Here we considered a sliding window approach to explore the full gene. Alternatively, one can use a 2-stage approach by first scanning the individual SNPs and then following up with a haplotype analysis around the SNPs that are significant at a certain level in the first stage. We explored this approach by using PLINK [27] in the first stage. With an arbitrarily chosen 5 % significance level for the first stage, we found the SNPs at 41497081, 41504594, 41657184, 41841618, 41939990, 41949348, and 47956424 to be significant. The last one is on the MAP4 gene, and the rest are on the ULK4 gene. Comparing the results of this 2-stage approach with the results shown in Tables 1 and 3, we see that haplotypes containing all of these SNPs (not necessarily the first SNP in the block), except the SNP at 41841618, are significant by LBL. Thus, the results from the 2 types of analyses are similar. However, we note that single-SNP analysis, by itself, does not show significance in these regions, as the lowest p value of these 7 SNPs is 0.004; consequently, none of them achieve genome-wide significance.

We carried out all analyses on a 3.4 GHz Xeon processor under Linux operating system with 31.32 GB RAM. For sliding window analysis of MAP4 gene, LBL takes 261 s, haplo.glm takes 53.83 s, and haplo.score takes 51.46 s. For ULK4 gene, LBL takes 2237 s, haplo.glm takes 358.38 s, and haplo.score takes 325.39 s. Thus, gene-wide sliding window haplotype analysis is computationally feasible as a follow-up tool even with LBL.

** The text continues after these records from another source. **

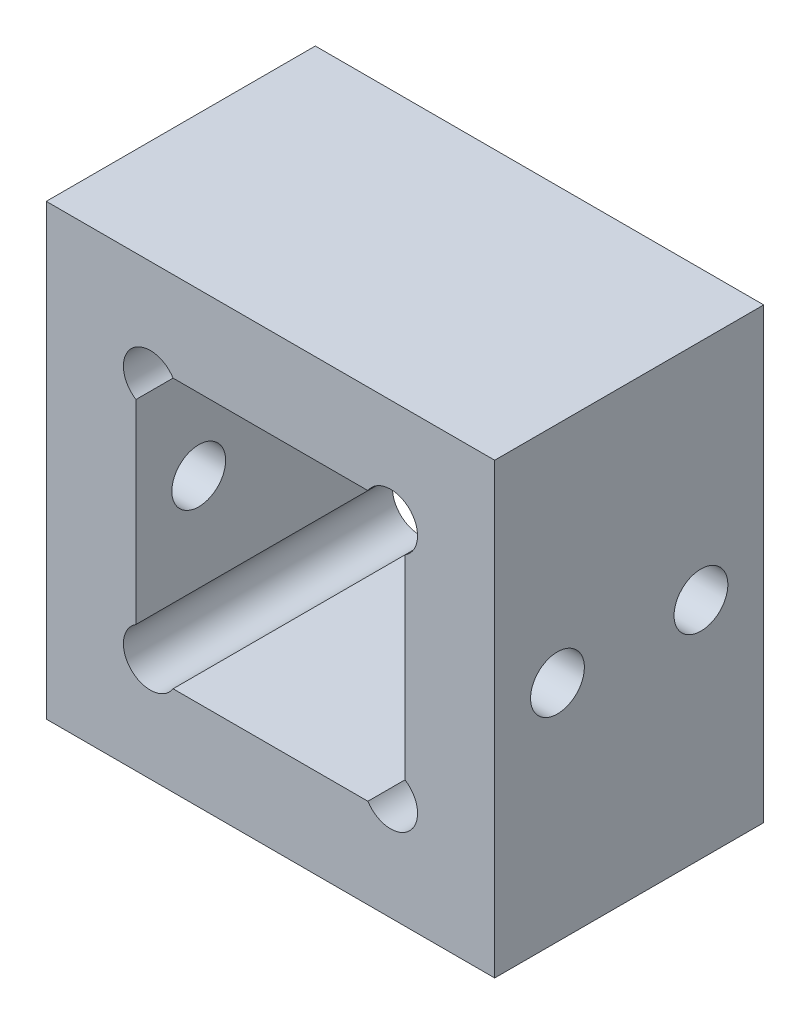
ISO-10303-21;
HEADER;
FILE_DESCRIPTION(('STEP AP214'),'2;1');
FILE_NAME('part.step','',(''),(''),'','','');
FILE_SCHEMA(('AUTOMOTIVE_DESIGN { 1 0 10303 214 1 1 1 1 }'));
ENDSEC;
DATA;
#1=APPLICATION_CONTEXT('core data for automotive mechanical design processes');
#2=APPLICATION_PROTOCOL_DEFINITION('international standard','automotive_design',2000,#1);
#3=PRODUCT_CONTEXT('',#1,'mechanical');
#4=PRODUCT('Part','Part','',(#3));
#5=PRODUCT_RELATED_PRODUCT_CATEGORY('part','',(#4));
#6=PRODUCT_DEFINITION_FORMATION('','',#4);
#7=PRODUCT_DEFINITION_CONTEXT('part definition',#1,'design');
#8=PRODUCT_DEFINITION('design','',#6,#7);
#9=PRODUCT_DEFINITION_SHAPE('','',#8);
#10=(LENGTH_UNIT() NAMED_UNIT(*) SI_UNIT(.MILLI.,.METRE.));
#11=(NAMED_UNIT(*) PLANE_ANGLE_UNIT() SI_UNIT($,.RADIAN.));
#12=(NAMED_UNIT(*) SI_UNIT($,.STERADIAN.) SOLID_ANGLE_UNIT());
#13=UNCERTAINTY_MEASURE_WITH_UNIT(LENGTH_MEASURE(1.E-05),#10,'distance_accuracy_value','');
#14=(GEOMETRIC_REPRESENTATION_CONTEXT(3) GLOBAL_UNCERTAINTY_ASSIGNED_CONTEXT((#13)) GLOBAL_UNIT_ASSIGNED_CONTEXT((#10,
#11,#12)) REPRESENTATION_CONTEXT('',''));
#15=CARTESIAN_POINT('',(0.,0.,0.));
#16=DIRECTION('',(0.,0.,1.));
#17=DIRECTION('',(1.,0.,0.));
#18=AXIS2_PLACEMENT_3D('',#15,#16,#17);
#19=CARTESIAN_POINT('',(0.,0.,15.));
#20=DIRECTION('',(0.,0.,1.));
#21=DIRECTION('',(1.,0.,0.));
#22=AXIS2_PLACEMENT_3D('',#19,#20,#21);
#23=PLANE('',#22);
#24=CARTESIAN_POINT('',(-6.7,6.69999999999999,15.));
#25=DIRECTION('',(0.,0.,1.));
#26=DIRECTION('',(1.,0.,0.));
#27=AXIS2_PLACEMENT_3D('',#24,#25,#26);
#28=CIRCLE('',#27,1.5);
#29=CARTESIAN_POINT('',(-5.43114224595505,7.5,15.));
#30=VERTEX_POINT('',#29);
#31=CARTESIAN_POINT('',(-7.5,5.43114224595504,15.));
#32=VERTEX_POINT('',#31);
#33=EDGE_CURVE('E61',#30,#32,#28,.T.);
#34=ORIENTED_EDGE('',*,*,#33,.F.);
#35=DIRECTION('',(-1.,0.,0.));
#36=VECTOR('',#35,1.);
#37=CARTESIAN_POINT('',(-7.5,7.5,15.));
#38=LINE('',#37,#36);
#39=CARTESIAN_POINT('',(5.43114224595504,7.5,15.));
#40=VERTEX_POINT('',#39);
#41=EDGE_CURVE('E153',#40,#30,#38,.T.);
#42=ORIENTED_EDGE('',*,*,#41,.F.);
#43=CARTESIAN_POINT('',(6.7,6.69999999999999,15.));
#44=DIRECTION('',(0.,0.,1.));
#45=DIRECTION('',(1.,0.,0.));
#46=AXIS2_PLACEMENT_3D('',#43,#44,#45);
#47=CIRCLE('',#46,1.5);
#48=CARTESIAN_POINT('',(7.5,5.43114224595504,15.));
#49=VERTEX_POINT('',#48);
#50=EDGE_CURVE('E53',#49,#40,#47,.T.);
#51=ORIENTED_EDGE('',*,*,#50,.F.);
#52=DIRECTION('',(0.,1.,0.));
#53=VECTOR('',#52,1.);
#54=CARTESIAN_POINT('',(7.5,7.5,15.));
#55=LINE('',#54,#53);
#56=CARTESIAN_POINT('',(7.5,-5.43114224595505,15.));
#57=VERTEX_POINT('',#56);
#58=EDGE_CURVE('E145',#57,#49,#55,.T.);
#59=ORIENTED_EDGE('',*,*,#58,.F.);
#60=CARTESIAN_POINT('',(6.7,-6.7,15.));
#61=DIRECTION('',(0.,0.,1.));
#62=DIRECTION('',(1.,0.,0.));
#63=AXIS2_PLACEMENT_3D('',#60,#61,#62);
#64=CIRCLE('',#63,1.5);
#65=CARTESIAN_POINT('',(5.43114224595505,-7.5,15.));
#66=VERTEX_POINT('',#65);
#67=EDGE_CURVE('E126',#66,#57,#64,.T.);
#68=ORIENTED_EDGE('',*,*,#67,.F.);
#69=DIRECTION('',(1.,0.,0.));
#70=VECTOR('',#69,1.);
#71=CARTESIAN_POINT('',(-7.5,-7.5,15.));
#72=LINE('',#71,#70);
#73=CARTESIAN_POINT('',(-5.43114224595505,-7.5,15.));
#74=VERTEX_POINT('',#73);
#75=EDGE_CURVE('E168',#74,#66,#72,.T.);
#76=ORIENTED_EDGE('',*,*,#75,.F.);
#77=CARTESIAN_POINT('',(-6.7,-6.7,15.));
#78=DIRECTION('',(0.,0.,1.));
#79=DIRECTION('',(1.,0.,0.));
#80=AXIS2_PLACEMENT_3D('',#77,#78,#79);
#81=CIRCLE('',#80,1.5);
#82=CARTESIAN_POINT('',(-7.5,-5.43114224595505,15.));
#83=VERTEX_POINT('',#82);
#84=EDGE_CURVE('E237',#83,#74,#81,.T.);
#85=ORIENTED_EDGE('',*,*,#84,.F.);
#86=DIRECTION('',(0.,-1.,0.));
#87=VECTOR('',#86,1.);
#88=CARTESIAN_POINT('',(-7.5,7.5,15.));
#89=LINE('',#88,#87);
#90=EDGE_CURVE('E157',#32,#83,#89,.T.);
#91=ORIENTED_EDGE('',*,*,#90,.F.);
#92=EDGE_LOOP('',(#34,#42,#51,#59,#68,#76,#85,#91));
#93=FACE_BOUND('',#92,.T.);
#94=DIRECTION('',(0.,-1.,0.));
#95=VECTOR('',#94,1.);
#96=CARTESIAN_POINT('',(-12.5,12.5,15.));
#97=LINE('',#96,#95);
#98=CARTESIAN_POINT('',(-12.5,12.5,15.));
#99=VERTEX_POINT('',#98);
#100=CARTESIAN_POINT('',(-12.5,-12.5,15.));
#101=VERTEX_POINT('',#100);
#102=EDGE_CURVE('E177',#99,#101,#97,.T.);
#103=ORIENTED_EDGE('',*,*,#102,.T.);
#104=DIRECTION('',(1.,0.,0.));
#105=VECTOR('',#104,1.);
#106=CARTESIAN_POINT('',(-12.5,-12.5,15.));
#107=LINE('',#106,#105);
#108=CARTESIAN_POINT('',(12.5,-12.5,15.));
#109=VERTEX_POINT('',#108);
#110=EDGE_CURVE('E180',#101,#109,#107,.T.);
#111=ORIENTED_EDGE('',*,*,#110,.T.);
#112=DIRECTION('',(0.,1.,0.));
#113=VECTOR('',#112,1.);
#114=CARTESIAN_POINT('',(12.5,12.5,15.));
#115=LINE('',#114,#113);
#116=CARTESIAN_POINT('',(12.5,12.5,15.));
#117=VERTEX_POINT('',#116);
#118=EDGE_CURVE('E183',#109,#117,#115,.T.);
#119=ORIENTED_EDGE('',*,*,#118,.T.);
#120=DIRECTION('',(-1.,0.,0.));
#121=VECTOR('',#120,1.);
#122=CARTESIAN_POINT('',(-12.5,12.5,15.));
#123=LINE('',#122,#121);
#124=EDGE_CURVE('E185',#117,#99,#123,.T.);
#125=ORIENTED_EDGE('',*,*,#124,.T.);
#126=EDGE_LOOP('',(#103,#111,#119,#125));
#127=FACE_BOUND('',#126,.T.);
#128=ADVANCED_FACE('F37',(#93,#127),#23,.T.);
#129=CARTESIAN_POINT('',(0.,0.,0.));
#130=DIRECTION('',(0.,0.,1.));
#131=DIRECTION('',(1.,0.,0.));
#132=AXIS2_PLACEMENT_3D('',#129,#130,#131);
#133=PLANE('',#132);
#134=DIRECTION('',(0.,-1.,0.));
#135=VECTOR('',#134,1.);
#136=CARTESIAN_POINT('',(-12.5,12.5,0.));
#137=LINE('',#136,#135);
#138=CARTESIAN_POINT('',(-12.5,12.5,0.));
#139=VERTEX_POINT('',#138);
#140=CARTESIAN_POINT('',(-12.5,-12.5,0.));
#141=VERTEX_POINT('',#140);
#142=EDGE_CURVE('E170',#139,#141,#137,.T.);
#143=ORIENTED_EDGE('',*,*,#142,.F.);
#144=DIRECTION('',(-1.,0.,0.));
#145=VECTOR('',#144,1.);
#146=CARTESIAN_POINT('',(-12.5,12.5,0.));
#147=LINE('',#146,#145);
#148=CARTESIAN_POINT('',(12.5,12.5,0.));
#149=VERTEX_POINT('',#148);
#150=EDGE_CURVE('E181',#149,#139,#147,.T.);
#151=ORIENTED_EDGE('',*,*,#150,.F.);
#152=DIRECTION('',(0.,1.,0.));
#153=VECTOR('',#152,1.);
#154=CARTESIAN_POINT('',(12.5,12.5,0.));
#155=LINE('',#154,#153);
#156=CARTESIAN_POINT('',(12.5,-12.5,0.));
#157=VERTEX_POINT('',#156);
#158=EDGE_CURVE('E192',#157,#149,#155,.T.);
#159=ORIENTED_EDGE('',*,*,#158,.F.);
#160=DIRECTION('',(1.,0.,0.));
#161=VECTOR('',#160,1.);
#162=CARTESIAN_POINT('',(-12.5,-12.5,0.));
#163=LINE('',#162,#161);
#164=EDGE_CURVE('E190',#141,#157,#163,.T.);
#165=ORIENTED_EDGE('',*,*,#164,.F.);
#166=EDGE_LOOP('',(#143,#151,#159,#165));
#167=FACE_BOUND('',#166,.T.);
#168=DIRECTION('',(-1.,0.,0.));
#169=VECTOR('',#168,1.);
#170=CARTESIAN_POINT('',(-7.5,7.5,0.));
#171=LINE('',#170,#169);
#172=CARTESIAN_POINT('',(5.43114224595505,7.5,0.));
#173=VERTEX_POINT('',#172);
#174=CARTESIAN_POINT('',(-5.43114224595505,7.5,0.));
#175=VERTEX_POINT('',#174);
#176=EDGE_CURVE('E172',#173,#175,#171,.T.);
#177=ORIENTED_EDGE('',*,*,#176,.T.);
#178=CARTESIAN_POINT('',(-6.7,6.69999999999999,0.));
#179=DIRECTION('',(0.,0.,1.));
#180=DIRECTION('',(1.,0.,0.));
#181=AXIS2_PLACEMENT_3D('',#178,#179,#180);
#182=CIRCLE('',#181,1.5);
#183=CARTESIAN_POINT('',(-7.5,5.43114224595504,0.));
#184=VERTEX_POINT('',#183);
#185=EDGE_CURVE('E239',#175,#184,#182,.T.);
#186=ORIENTED_EDGE('',*,*,#185,.T.);
#187=DIRECTION('',(0.,-1.,0.));
#188=VECTOR('',#187,1.);
#189=CARTESIAN_POINT('',(-7.5,7.5,0.));
#190=LINE('',#189,#188);
#191=CARTESIAN_POINT('',(-7.5,-5.43114224595505,0.));
#192=VERTEX_POINT('',#191);
#193=EDGE_CURVE('E160',#184,#192,#190,.T.);
#194=ORIENTED_EDGE('',*,*,#193,.T.);
#195=CARTESIAN_POINT('',(-6.7,-6.7,0.));
#196=DIRECTION('',(0.,0.,1.));
#197=DIRECTION('',(1.,0.,0.));
#198=AXIS2_PLACEMENT_3D('',#195,#196,#197);
#199=CIRCLE('',#198,1.5);
#200=CARTESIAN_POINT('',(-5.43114224595505,-7.5,0.));
#201=VERTEX_POINT('',#200);
#202=EDGE_CURVE('E138',#192,#201,#199,.T.);
#203=ORIENTED_EDGE('',*,*,#202,.T.);
#204=DIRECTION('',(1.,0.,0.));
#205=VECTOR('',#204,1.);
#206=CARTESIAN_POINT('',(-7.5,-7.5,0.));
#207=LINE('',#206,#205);
#208=CARTESIAN_POINT('',(5.43114224595504,-7.5,0.));
#209=VERTEX_POINT('',#208);
#210=EDGE_CURVE('E154',#201,#209,#207,.T.);
#211=ORIENTED_EDGE('',*,*,#210,.T.);
#212=CARTESIAN_POINT('',(6.7,-6.7,0.));
#213=DIRECTION('',(0.,0.,1.));
#214=DIRECTION('',(1.,0.,0.));
#215=AXIS2_PLACEMENT_3D('',#212,#213,#214);
#216=CIRCLE('',#215,1.5);
#217=CARTESIAN_POINT('',(7.5,-5.43114224595505,0.));
#218=VERTEX_POINT('',#217);
#219=EDGE_CURVE('E137',#209,#218,#216,.T.);
#220=ORIENTED_EDGE('',*,*,#219,.T.);
#221=DIRECTION('',(0.,1.,0.));
#222=VECTOR('',#221,1.);
#223=CARTESIAN_POINT('',(7.5,7.5,0.));
#224=LINE('',#223,#222);
#225=CARTESIAN_POINT('',(7.5,5.43114224595504,0.));
#226=VERTEX_POINT('',#225);
#227=EDGE_CURVE('E147',#218,#226,#224,.T.);
#228=ORIENTED_EDGE('',*,*,#227,.T.);
#229=CARTESIAN_POINT('',(6.7,6.69999999999999,0.));
#230=DIRECTION('',(0.,0.,1.));
#231=DIRECTION('',(1.,0.,0.));
#232=AXIS2_PLACEMENT_3D('',#229,#230,#231);
#233=CIRCLE('',#232,1.5);
#234=EDGE_CURVE('E149',#226,#173,#233,.T.);
#235=ORIENTED_EDGE('',*,*,#234,.T.);
#236=EDGE_LOOP('',(#177,#186,#194,#203,#211,#220,#228,#235));
#237=FACE_BOUND('',#236,.T.);
#238=ADVANCED_FACE('F250',(#167,#237),#133,.F.);
#239=CARTESIAN_POINT('',(-12.5,12.5,15.));
#240=DIRECTION('',(1.,0.,0.));
#241=DIRECTION('',(0.,1.,0.));
#242=AXIS2_PLACEMENT_3D('',#239,#240,#241);
#243=PLANE('',#242);
#244=CARTESIAN_POINT('',(-12.5,0.,11.5));
#245=DIRECTION('',(1.,0.,0.));
#246=DIRECTION('',(0.,1.,0.));
#247=AXIS2_PLACEMENT_3D('',#244,#245,#246);
#248=CIRCLE('',#247,1.5);
#249=CARTESIAN_POINT('',(-12.5,1.5,11.5));
#250=VERTEX_POINT('',#249);
#251=EDGE_CURVE('E212',#250,#250,#248,.T.);
#252=ORIENTED_EDGE('',*,*,#251,.T.);
#253=EDGE_LOOP('',(#252));
#254=FACE_BOUND('',#253,.T.);
#255=CARTESIAN_POINT('',(-12.5,0.,3.5));
#256=DIRECTION('',(1.,0.,0.));
#257=DIRECTION('',(0.,-1.,0.));
#258=AXIS2_PLACEMENT_3D('',#255,#256,#257);
#259=CIRCLE('',#258,1.5);
#260=CARTESIAN_POINT('',(-12.5,-1.5,3.5));
#261=VERTEX_POINT('',#260);
#262=EDGE_CURVE('E223',#261,#261,#259,.T.);
#263=ORIENTED_EDGE('',*,*,#262,.T.);
#264=EDGE_LOOP('',(#263));
#265=FACE_BOUND('',#264,.T.);
#266=ORIENTED_EDGE('',*,*,#142,.T.);
#267=DIRECTION('',(0.,0.,-1.));
#268=VECTOR('',#267,1.);
#269=CARTESIAN_POINT('',(-12.5,-12.5,15.));
#270=LINE('',#269,#268);
#271=EDGE_CURVE('E203',#101,#141,#270,.T.);
#272=ORIENTED_EDGE('',*,*,#271,.F.);
#273=ORIENTED_EDGE('',*,*,#102,.F.);
#274=DIRECTION('',(0.,0.,-1.));
#275=VECTOR('',#274,1.);
#276=CARTESIAN_POINT('',(-12.5,12.5,15.));
#277=LINE('',#276,#275);
#278=EDGE_CURVE('E187',#99,#139,#277,.T.);
#279=ORIENTED_EDGE('',*,*,#278,.T.);
#280=EDGE_LOOP('',(#266,#272,#273,#279));
#281=FACE_BOUND('',#280,.T.);
#282=ADVANCED_FACE('F39',(#254,#265,#281),#243,.F.);
#283=CARTESIAN_POINT('',(-12.5,-12.5,15.));
#284=DIRECTION('',(0.,1.,0.));
#285=DIRECTION('',(0.,0.,1.));
#286=AXIS2_PLACEMENT_3D('',#283,#284,#285);
#287=PLANE('',#286);
#288=ORIENTED_EDGE('',*,*,#164,.T.);
#289=DIRECTION('',(0.,0.,-1.));
#290=VECTOR('',#289,1.);
#291=CARTESIAN_POINT('',(12.5,-12.5,15.));
#292=LINE('',#291,#290);
#293=EDGE_CURVE('E200',#109,#157,#292,.T.);
#294=ORIENTED_EDGE('',*,*,#293,.F.);
#295=ORIENTED_EDGE('',*,*,#110,.F.);
#296=ORIENTED_EDGE('',*,*,#271,.T.);
#297=EDGE_LOOP('',(#288,#294,#295,#296));
#298=FACE_BOUND('',#297,.T.);
#299=ADVANCED_FACE('F290',(#298),#287,.F.);
#300=CARTESIAN_POINT('',(12.5,12.5,15.));
#301=DIRECTION('',(-1.,0.,0.));
#302=DIRECTION('',(0.,-1.,0.));
#303=AXIS2_PLACEMENT_3D('',#300,#301,#302);
#304=PLANE('',#303);
#305=CARTESIAN_POINT('',(12.5,0.,11.5));
#306=DIRECTION('',(1.,0.,0.));
#307=DIRECTION('',(0.,1.,0.));
#308=AXIS2_PLACEMENT_3D('',#305,#306,#307);
#309=CIRCLE('',#308,1.5);
#310=CARTESIAN_POINT('',(12.5,1.5,11.5));
#311=VERTEX_POINT('',#310);
#312=EDGE_CURVE('E218',#311,#311,#309,.T.);
#313=ORIENTED_EDGE('',*,*,#312,.F.);
#314=EDGE_LOOP('',(#313));
#315=FACE_BOUND('',#314,.T.);
#316=CARTESIAN_POINT('',(12.5,0.,3.5));
#317=DIRECTION('',(1.,0.,0.));
#318=DIRECTION('',(0.,-1.,0.));
#319=AXIS2_PLACEMENT_3D('',#316,#317,#318);
#320=CIRCLE('',#319,1.5);
#321=CARTESIAN_POINT('',(12.5,-1.5,3.5));
#322=VERTEX_POINT('',#321);
#323=EDGE_CURVE('E228',#322,#322,#320,.T.);
#324=ORIENTED_EDGE('',*,*,#323,.F.);
#325=EDGE_LOOP('',(#324));
#326=FACE_BOUND('',#325,.T.);
#327=ORIENTED_EDGE('',*,*,#158,.T.);
#328=DIRECTION('',(0.,0.,-1.));
#329=VECTOR('',#328,1.);
#330=CARTESIAN_POINT('',(12.5,12.5,15.));
#331=LINE('',#330,#329);
#332=EDGE_CURVE('E197',#117,#149,#331,.T.);
#333=ORIENTED_EDGE('',*,*,#332,.F.);
#334=ORIENTED_EDGE('',*,*,#118,.F.);
#335=ORIENTED_EDGE('',*,*,#293,.T.);
#336=EDGE_LOOP('',(#327,#333,#334,#335));
#337=FACE_BOUND('',#336,.T.);
#338=ADVANCED_FACE('F287',(#315,#326,#337),#304,.F.);
#339=CARTESIAN_POINT('',(-12.5,12.5,15.));
#340=DIRECTION('',(0.,-1.,0.));
#341=DIRECTION('',(0.,0.,-1.));
#342=AXIS2_PLACEMENT_3D('',#339,#340,#341);
#343=PLANE('',#342);
#344=ORIENTED_EDGE('',*,*,#150,.T.);
#345=ORIENTED_EDGE('',*,*,#278,.F.);
#346=ORIENTED_EDGE('',*,*,#124,.F.);
#347=ORIENTED_EDGE('',*,*,#332,.T.);
#348=EDGE_LOOP('',(#344,#345,#346,#347));
#349=FACE_BOUND('',#348,.T.);
#350=ADVANCED_FACE('F274',(#349),#343,.F.);
#351=CARTESIAN_POINT('',(7.5,7.5,15.));
#352=DIRECTION('',(-1.,0.,0.));
#353=DIRECTION('',(0.,-1.,0.));
#354=AXIS2_PLACEMENT_3D('',#351,#352,#353);
#355=PLANE('',#354);
#356=CARTESIAN_POINT('',(7.5,0.,11.5));
#357=DIRECTION('',(-1.,0.,0.));
#358=DIRECTION('',(0.,-1.,0.));
#359=AXIS2_PLACEMENT_3D('',#356,#357,#358);
#360=CIRCLE('',#359,1.5);
#361=CARTESIAN_POINT('',(7.5,-1.5,11.5));
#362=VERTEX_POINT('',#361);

Finally, it is noteworthy that one of the most popular collapsing method SKAT and its variants did not find significance on either gene. This suggests increased power of haplotype association methods over collapsing methods and is consistent with literature [15], but this issue needs to be evaluated fully through simulations. However, our results illustrate that haplotype association methods are useful and complement collapsing approaches not only for genome-wide association studies data but for sequencing data also, contrary to popular belief.

Conclusions

Several haplotypes were found to be significant on the ULK4 and MAP4 genes. In particular, the haplotypes found to be significant by LBL are likely to be true positive as our results show that it maintains a low false-positive rate.